The experience of World War II showed that one of the most vulnerable sides of the frontline aviation are airfields. Even if combat-ready aircraft are preserved in shelters, their use from a destroyed runway becomes impossible. The way to solve the problem was obvious, but the insufficient level of technological development did not allow creating an aircraft that did not need a long runway - the first jet engines, due to their low thrust ratio (the ratio of the mass of the aircraft to the engine thrust), had an acceleration of more than a kilometer. But technology did not stand still
In 1957, Ryan's American X-13 Vertijet made its first flight. This unusual car flew up vertically in every sense. Since the direction of engine thrust had to be changed after taking off the ground in order to start acceleration in the horizontal plane, and in 1950's there was no talk about creating a rotary nozzle, the designers decided to start right from the vertical position. The tiny plane was hanging, catching a nose hook on the projection on a special mast, and when the device started to rise, the system uncoupled.
The accuracy of the approach to the starting mast necessary for a successful X-13 landing was of the order of 20 cm, which not every pilot could do. When landing, the pilot had to navigate by special marks on the starting mast, and rely on commands from the ground.

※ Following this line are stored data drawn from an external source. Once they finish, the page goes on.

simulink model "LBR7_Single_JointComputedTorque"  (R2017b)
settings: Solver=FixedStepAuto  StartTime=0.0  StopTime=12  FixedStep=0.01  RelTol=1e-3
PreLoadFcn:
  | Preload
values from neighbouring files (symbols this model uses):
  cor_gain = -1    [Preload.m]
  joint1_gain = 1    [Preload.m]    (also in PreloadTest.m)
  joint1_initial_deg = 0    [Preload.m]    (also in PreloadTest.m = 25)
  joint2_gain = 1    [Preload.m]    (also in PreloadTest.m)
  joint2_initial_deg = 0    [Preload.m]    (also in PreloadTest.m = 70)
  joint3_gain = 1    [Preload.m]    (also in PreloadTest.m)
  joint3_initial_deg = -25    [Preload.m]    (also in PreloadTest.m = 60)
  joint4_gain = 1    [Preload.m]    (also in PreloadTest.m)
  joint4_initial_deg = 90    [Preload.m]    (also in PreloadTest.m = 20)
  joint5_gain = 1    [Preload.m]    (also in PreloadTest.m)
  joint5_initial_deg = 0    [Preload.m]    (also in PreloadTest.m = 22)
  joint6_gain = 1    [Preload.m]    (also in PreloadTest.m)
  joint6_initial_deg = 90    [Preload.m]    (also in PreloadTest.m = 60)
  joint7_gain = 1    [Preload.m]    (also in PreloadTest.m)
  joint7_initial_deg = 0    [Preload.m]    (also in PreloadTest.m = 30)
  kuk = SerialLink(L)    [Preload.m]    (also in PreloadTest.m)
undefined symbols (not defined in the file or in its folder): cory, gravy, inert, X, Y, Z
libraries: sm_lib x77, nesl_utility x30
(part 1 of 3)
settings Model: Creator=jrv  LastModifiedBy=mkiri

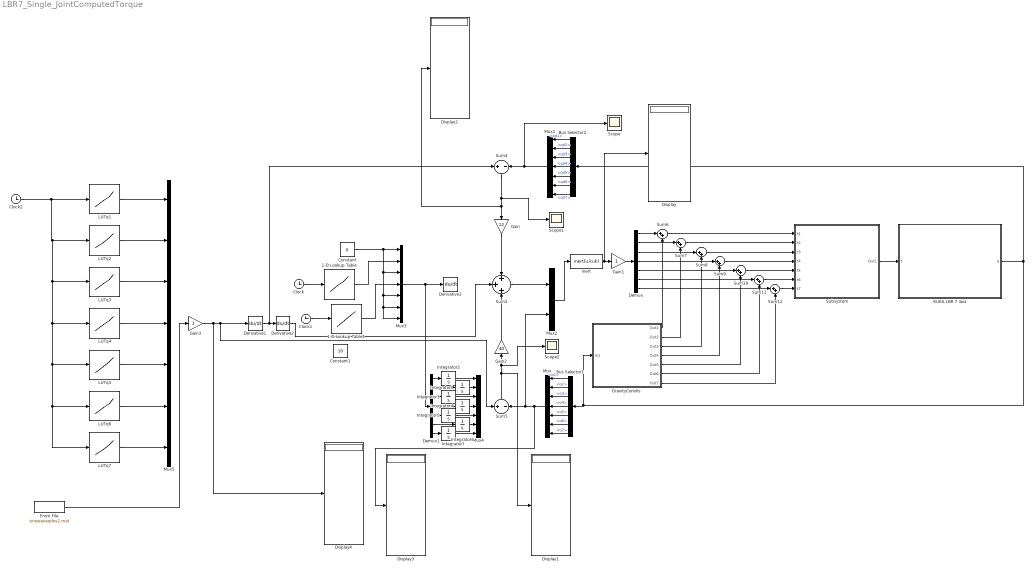
== system LBR7_Single_JointComputedTorque ==
  1-D Lookup Table : Lookup_n-D  NumberOfTableDimensions=1  BreakpointsForDimension1=[0 3 6]  Table=[0 -0.05 -0.1]  ExtrapMethod=Clip  UseLastTableValue=on  InternalRulePriority=Speed  RndMeth=Simplest  InputSameDT=on
  1-D Lookup Table1 : Lookup_n-D  NumberOfTableDimensions=1  BreakpointsForDimension1=[0 3 6]  Table=[0 -0.05 -0.1]  ExtrapMethod=Clip  UseLastTableValue=on  InternalRulePriority=Speed  RndMeth=Simplest  InputSameDT=on
  Bus Selector1 : BusSelector  OutputSignals=q1,q2,q3,q4,q5,q6,q7
  Bus Selector2 : BusSelector  OutputSignals=qd1,qd2,qd3,qd4,qd5,qd6,qd7
  Clock : Clock
  Clock1 : Clock
  Clock2 : Clock
  Constant : Constant  Value=0
  Constant1 : Constant  Value=10
  Demux : Demux  Outputs=7
  Demux1 : Demux  Outputs=7
  Derivative1 : Derivative
  Derivative2 : Derivative
  Derivative3 : Derivative
  Display{,1..4} (5 alike) : Display
  From File : FromFile  FileName=sinewaveqdes2.mat  SampleTime=0
  Gain : Gain  Gain=12
  Gain1 : Gain
  Gain2 : Gain  Gain=40
  Gain3 : Gain
  GravityCoriolis : Subsystem
  Integrator1 : Integrator  InitialCondition=joint2_initial_deg*pi/180
  Integrator2 : Integrator  InitialCondition=joint1_initial_deg*pi/180
  Integrator3 : Integrator  InitialCondition=joint3_initial_deg*pi/180
  Integrator4 : Integrator  InitialCondition=joint4_initial_deg*pi/180
  Integrator5 : Integrator  InitialCondition=joint5_initial_deg*pi/180
  Integrator6 : Integrator  InitialCondition=joint6_initial_deg*pi/180
  Integrator7 : Integrator  InitialCondition=joint7_initial_deg*pi/180
  KUKA LBR 7 iiwa : Subsystem
  LUTq1 : Lookup_n-D  NumberOfTableDimensions=1  BreakpointsForDimension1=|  Table=|  ExtrapMethod=Clip  UseLastTableValue=on  InternalRulePriority=Speed  RndMeth=Simplest  InputSameDT=on
      | [0
      | 0.1
      | 0.2
      | 0.3
      | 0.4
      | 0.5
      | 0.6
      | 0.7
      | 0.8
      | 0.9
      | 1
      | 1.1
      | 1.2
      | 1.3
      | 1.4
      | 1.5
      | 1.6
      | 1.7
      | 1.8
      | 1.9
      | 2
      | 2.1
      | 2.2
      | 2.3
      | 2.4
      | 2.5
      | 2.6
      | 2.7
      | 2.8
      | 2.9
      | 3
      | 3.1
      | 3.2
      | 3.3
      | 3.4
      | 3.5
      | 3.6
      | 3.7
      | 3.8
      | 3.9
      | 4
      | 4.1
      | 4.2
      | 4.3
      | 4.4
      | 4.5
      | 4.6
      | 4.7
      | 4.8
      | 4.9
      | 5
      | 5.1
      | 5.2
      | 5.3
      | 5.4
      | 5.5
      | 5.6
      | 5.7
      | 5.8
      | 5.9
      | 6
      | 6.1
      | 6.2
      | 6.3
      | 6.4
      | 6.5
      | 6.6
      | 6.7
      | 6.8
      | 6.9
      | 7
      | 7.1
      | 7.2
      | 7.3
      | 7.4
      | 7.5
      | 7.6
      | 7.7
      | 7.8
      | 7.9
      | 8
      | 8.1
      | 8.2
      | 8.3
      | 8.4
      | 8.5
      | 8.6
      | 8.7
      | 8.8
      | 8.9
      | 9
      | 9.1
      | 9.2
      | 9.3
      | 9.4
      | 9.5
      | 9.6
      | 9.7
      | 9.8
      | 9.9
      | 10
      | 10.1
      | 10.2
      | 10.3
      | 10.4
      | 10.5
      | 10.6
      | 10.7
      | 10.8
      | 10.9
      | 11
      | 11.1
      | 11.2
      | 11.3
      | 11.4
      | 11.5
      | 11.6
      | 11.7
      | 11.8
      | 11.9
      | 12]
      | [0
      | -0.119745838
      | -0.18133285
      | -0.22208651
      | -0.249966667
      | -0.268387869
      | -0.279374076
      | -0.2843815
      | -0.28458052
      | -0.280964237
      | -0.274392351
      | -0.265610064
      | -0.255258118
      | -0.243880509
      | -0.231932258
      | -0.219787814
      | -0.207749985
      | -0.196059015
      | -0.184901487
      | -0.17441876
      | -0.164714747
      | -0.155862933
      | -0.147912579
      | -0.140894125
      | -0.134823823
      | -0.129707667
      | -0.125544697
      | -0.122329759
      | -0.120055811
      | -0.118715875
      | -0.118304705
      | -0.118819748
      | -0.12025698
      | -0.122607535
      | -0.125859698
      | -0.13000098
      | -0.135019771
      | -0.140906638
      | -0.147655292
      | -0.155263272
      | -0.163732363
      | -0.173068797
      | -0.183283237
      | -0.194390568
      | -0.206409516
      | -0.219362074
      | -0.233272744
      | -0.248167558
      | -0.264072847
      | -0.281013701
      | -0.299012051
      | -0.318084282
      | -0.338238276
      | -0.359469746
      | -0.381757752
      | -0.405059235
      | -0.42930248
      | -0.454379451
      | -0.480137074
      | -0.506367799
      | -0.532800106
      | -0.559092165
      | -0.584849644
      | -0.609653933
      | -0.633079009
      | -0.65471118
      | -0.674171717
      | -0.691139691
      | -0.705371922
      | -0.716717459
      | -0.725125039
      | -0.730643235
      | -0.733413853
      | -0.733659638
      | -0.731667534
      | -0.727768976
      | -0.722319017
      | -0.715676313
      | -0.708185875
      | -0.700165951
      | -0.691899594
      | -0.683630649
      | -0.675563349
      | -0.667864462
      | -0.660666979
      | -0.654074526
      | -0.648165916
      | -0.642999499
      | -0.638617115
      | -0.635047627
      | -0.632310016
      | -0.630415481
      | -0.629363254
      | -0.629138645
      | -0.629717937
      | -0.631072659
      | -0.633172809
      | -0.635989263
      | -0.639495582
      | -0.64366931
      | -0.648492881
      | -0.653954144
      | -0.660046536
      | -0.666768854
      | -0.674124557
      | -0.682120437
      | -0.690764415
      | -0.700062001
      | -0.710010688
      | -0.720590981
      | -0.73175193
      | -0.743387592
      | -0.755298981
      | -0.767134702
      | -0.778307549
      | -0.787908711
      | -0.794710012
      | -0.797428487
      | -0.795301834
      | -0.788546355
      | -0.778182809]
  LUTq2 : Lookup_n-D  NumberOfTableDimensions=1  BreakpointsForDimension1=|  Table=|  ExtrapMethod=Clip  UseLastTableValue=on  InternalRulePriority=Speed  RndMeth=Simplest  InputSameDT=on
      | [0
      | 0.1
      | 0.2
      | 0.3
      | 0.4
      | 0.5
      | 0.6
      | 0.7
      | 0.8
      | 0.9
      | 1
      | 1.1
      | 1.2
      | 1.3
      | 1.4
      | 1.5
      | 1.6
      | 1.7
      | 1.8
      | 1.9
      | 2
      | 2.1
      | 2.2
      | 2.3
      | 2.4
      | 2.5
      | 2.6
      | 2.7
      | 2.8
      | 2.9
      | 3
      | 3.1
      | 3.2
      | 3.3
      | 3.4
      | 3.5
      | 3.6
      | 3.7
      | 3.8
      | 3.9
      | 4
      | 4.1
      | 4.2
      | 4.3
      | 4.4
      | 4.5
      | 4.6
      | 4.7
      | 4.8
      | 4.9
      | 5
      | 5.1
      | 5.2
      | 5.3
      | 5.4
      | 5.5
      | 5.6
      | 5.7
      | 5.8
      | 5.9
      | 6
      | 6.1
      | 6.2
      | 6.3
      | 6.4
      | 6.5
      | 6.6
      | 6.7
      | 6.8
      | 6.9
      | 7
      | 7.1
      | 7.2
      | 7.3
      | 7.4
      | 7.5
      | 7.6
      | 7.7
      | 7.8
      | 7.9
      | 8
      | 8.1
      | 8.2
      | 8.3
      | 8.4
      | 8.5
      | 8.6
      | 8.7
      | 8.8
      | 8.9
      | 9
      | 9.1
      | 9.2
      | 9.3
      | 9.4
      | 9.5
      | 9.6
      | 9.7
      | 9.8
      | 9.9
      | 10
      | 10.1
      | 10.2
      | 10.3
      | 10.4
      | 10.5
      | 10.6
      | 10.7
      | 10.8
      | 10.9
      | 11
      | 11.1
      | 11.2
      | 11.3
      | 11.4
      | 11.5
      | 11.6
      | 11.7
      | 11.8
      | 11.9
      | 12]
      | [0.4363
      | 0.550223112
      | 0.60547659
      | 0.63806274
      | 0.658275761
      | 0.670892194
      | 0.678584612
      | 0.683002774
      | 0.685224922
      | 0.685979872
      | 0.685768934
      | 0.684938338
      | 0.68372507
      | 0.682287525
      | 0.68072703
      | 0.679103595
      | 0.677447828
      | 0.67577012
      | 0.674067818
      | 0.672330815
      | 0.670545879
      | 0.668699936
      | 0.666782486
      | 0.664787266
      | 0.662713285
      | 0.660565288
      | 0.65835373
      | 0.656094298
      | 0.653807031
      | 0.65151508
      | 0.649243141
      | 0.647015831
      | 0.644857659
      | 0.642791852
      | 0.640837141
      | 0.639005272
      | 0.637299512
      | 0.635714093
      | 0.634234502
      | 0.632838482
      | 0.631497584
      | 0.630179115
      | 0.628848301
      | 0.627470531
      | 0.626013531
      | 0.624449395
      | 0.622756373
      | 0.620920382
      | 0.618936212
      | 0.616808421
      | 0.61455192
      | 0.612192264
      | 0.609765651
      | 0.607318631
      | 0.604907519
      | 0.602597483
      | 0.600461268
      | 0.598577492
      | 0.597028454
      | 0.595897398
      | 0.595265205
      | 0.595206177
      | 0.595779707
      | 0.597023358
      | 0.598951789
      | 0.601557704
      | 0.604814405
      | 0.608679693
      | 0.613100625
      | 0.618018454
      | 0.62337314
      | 0.629106939
      | 0.63516682
      | 0.641505658
      | 0.648082288
      | 0.654860655
      | 0.661808379
      | 0.668895094
      | 0.676090936
      | 0.683365433
      | 0.690686961
      | 0.698022751
      | 0.705339377
      | 0.712603584
      | 0.719783298
      | 0.726848725
      | 0.733773401
      | 0.740535164
      | 0.747116952
      | 0.753507414
      | 0.759701282
      | 0.765699535
      | 0.771509961
      | 0.777146744
      | 0.782628682
      | 0.787977284
      | 0.79321493
      | 0.798363171
      | 0.803441235
      | 0.808464774
      | 0.813444894
      | 0.818387476
      | 0.823292784
      | 0.828155308
      | 0.832963783
      | 0.837701261
      | 0.842345064
      | 0.84686637
      | 0.851229017
      | 0.855386936
      | 0.859279197
      | 0.862821119
      | 0.86588908
      | 0.868296176
      | 0.8697578
      | 0.869857026
      | 0.868049498
      | 0.863782586
      | 0.856745628
      | 0.847060856
      | 0.835195824
      | ]
  LUTq3 : Lookup_n-D  NumberOfTableDimensions=1  BreakpointsForDimension1=|  Table=|  ExtrapMethod=Clip  UseLastTableValue=on  InternalRulePriority=Speed  RndMeth=Simplest  InputSameDT=on
      | [0
      | 0.1
      | 0.2
      | 0.3
      | 0.4
      | 0.5
      | 0.6
      | 0.7
      | 0.8
      | 0.9
      | 1
      | 1.1
      | 1.2
      | 1.3
      | 1.4
      | 1.5
      | 1.6
      | 1.7
      | 1.8
      | 1.9
      | 2
      | 2.1
      | 2.2
      | 2.3
      | 2.4
      | 2.5
      | 2.6
      | 2.7
      | 2.8
      | 2.9
      | 3
      | 3.1
      | 3.2
      | 3.3
      | 3.4
      | 3.5
      | 3.6
      | 3.7
      | 3.8
      | 3.9
      | 4
      | 4.1
      | 4.2
      | 4.3
      | 4.4
      | 4.5
      | 4.6
      | 4.7
      | 4.8
      | 4.9
      | 5
      | 5.1
      | 5.2
      | 5.3
      | 5.4
      | 5.5
      | 5.6
      | 5.7
      | 5.8
      | 5.9
      | 6
      | 6.1
      | 6.2
      | 6.3
      | 6.4
      | 6.5
      | 6.6
      | 6.7
      | 6.8
      | 6.9
      | 7
      | 7.1
      | 7.2
      | 7.3
      | 7.4
      | 7.5
      | 7.6
      | 7.7
      | 7.8
      | 7.9
      | 8
      | 8.1
      | 8.2
      | 8.3
      | 8.4
      | 8.5
      | 8.6
      | 8.7
      | 8.8
      | 8.9
      | 9
      | 9.1
      | 9.2
      | 9.3
      | 9.4
      | 9.5
      | 9.6
      | 9.7
      | 9.8
      | 9.9
      | 10
      | 10.1
      | 10.2
      | 10.3
      | 10.4
      | 10.5
      | 10.6
      | 10.7
      | 10.8
      | 10.9
      | 11
      | 11.1
      | 11.2
      | 11.3
      | 11.4
      | 11.5
      | 11.6
      | 11.7
      | 11.8
      | 11.9
      | 12]
      | [-0.5236
      | -0.403227159
      | -0.366746433
      | -0.34631892
      | -0.332303097
      | -0.321933585
      | -0.314188351
      | -0.308608189
      | -0.304924638
      | -0.302925561
      | -0.302406834
      | -0.303158825
      | -0.304967031
      | -0.307617639
      | -0.310903795
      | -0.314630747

The main features of the Harrier design are in its power plant and aircraft control system. The Pegasus engine (Pegasus) has four jet nozzles arranged in pairs on the sides of the aircraft and capable of simultaneously turning to 89,5 ° using a special chain transmission. Thus, with a vertical take-off, lifting force is applied at four points, which gives the aircraft additional stability. The front two nozzles are connected to a low pressure turbocharger, and the rear ones are connected to the engine's combustion chamber. Due to the fact that the engine on the plane is only one, the distribution of thrust to the four nozzles is greatly facilitated, since there is no need for precise coordination of the work of several engines. By changing the position of the nozzles along its axis, the aircraft can produce vertical take-off and landing, horizontal flight, and even fly “tail forward”.
In the Soviet Union, many OKBs dealt with the subject of vertical take-off. But only the Yakovlev Design Bureau could design a serial VTOL. Due to the lack of a suitable PMD in the USSR, the Yak-38 was equipped with three engines at once, two of which were installed vertically behind the pilot’s cabin and turned on only during takeoff and landing, and the third — equipped with swiveling nozzles — was lifted and sustained. On the one hand, such a scheme removed the need to create a new PMD, but on the other hand, two lifting engines turned off during cruising mode became useless ballast and catastrophically “ate up” the characteristics of the aircraft.
Despite the widespread use of US Navy Harrier aircraft, the development of VTOL aircraft in this country did not stop. According to some reports, in the mid-1990s between the OKB im. A.S. Yakovlev and Lockheed Martin signed an agreement on joint work under the JAST program to create a promising fighter for the US Air Force (later renamed JSF). In accordance with this agreement, the OKB im. A.S. Yakovleva presented to the American side information and research results on VTOL aircraft, as well as draft designs of the future Yak-201 fighter. This data was used to create the JSF F-35 Lightning II, the most modern development in this direction. Today this aircraft is in flight tests. The new multifunctional fighter will have to replace a number of combat aircraft, including the obsolete Harrier, despite the continuous and effective modernization. The F-35's power plant uses the F-119-PW100 turbofan engine, which was developed by Pratt & Whitney specifically for the F-35. A distinctive feature of the new VTOL aircraft is the use of an external fan installed vertically in the fuselage. The torque is transmitted to the counter-rotating impellers from the turbine through the shaft.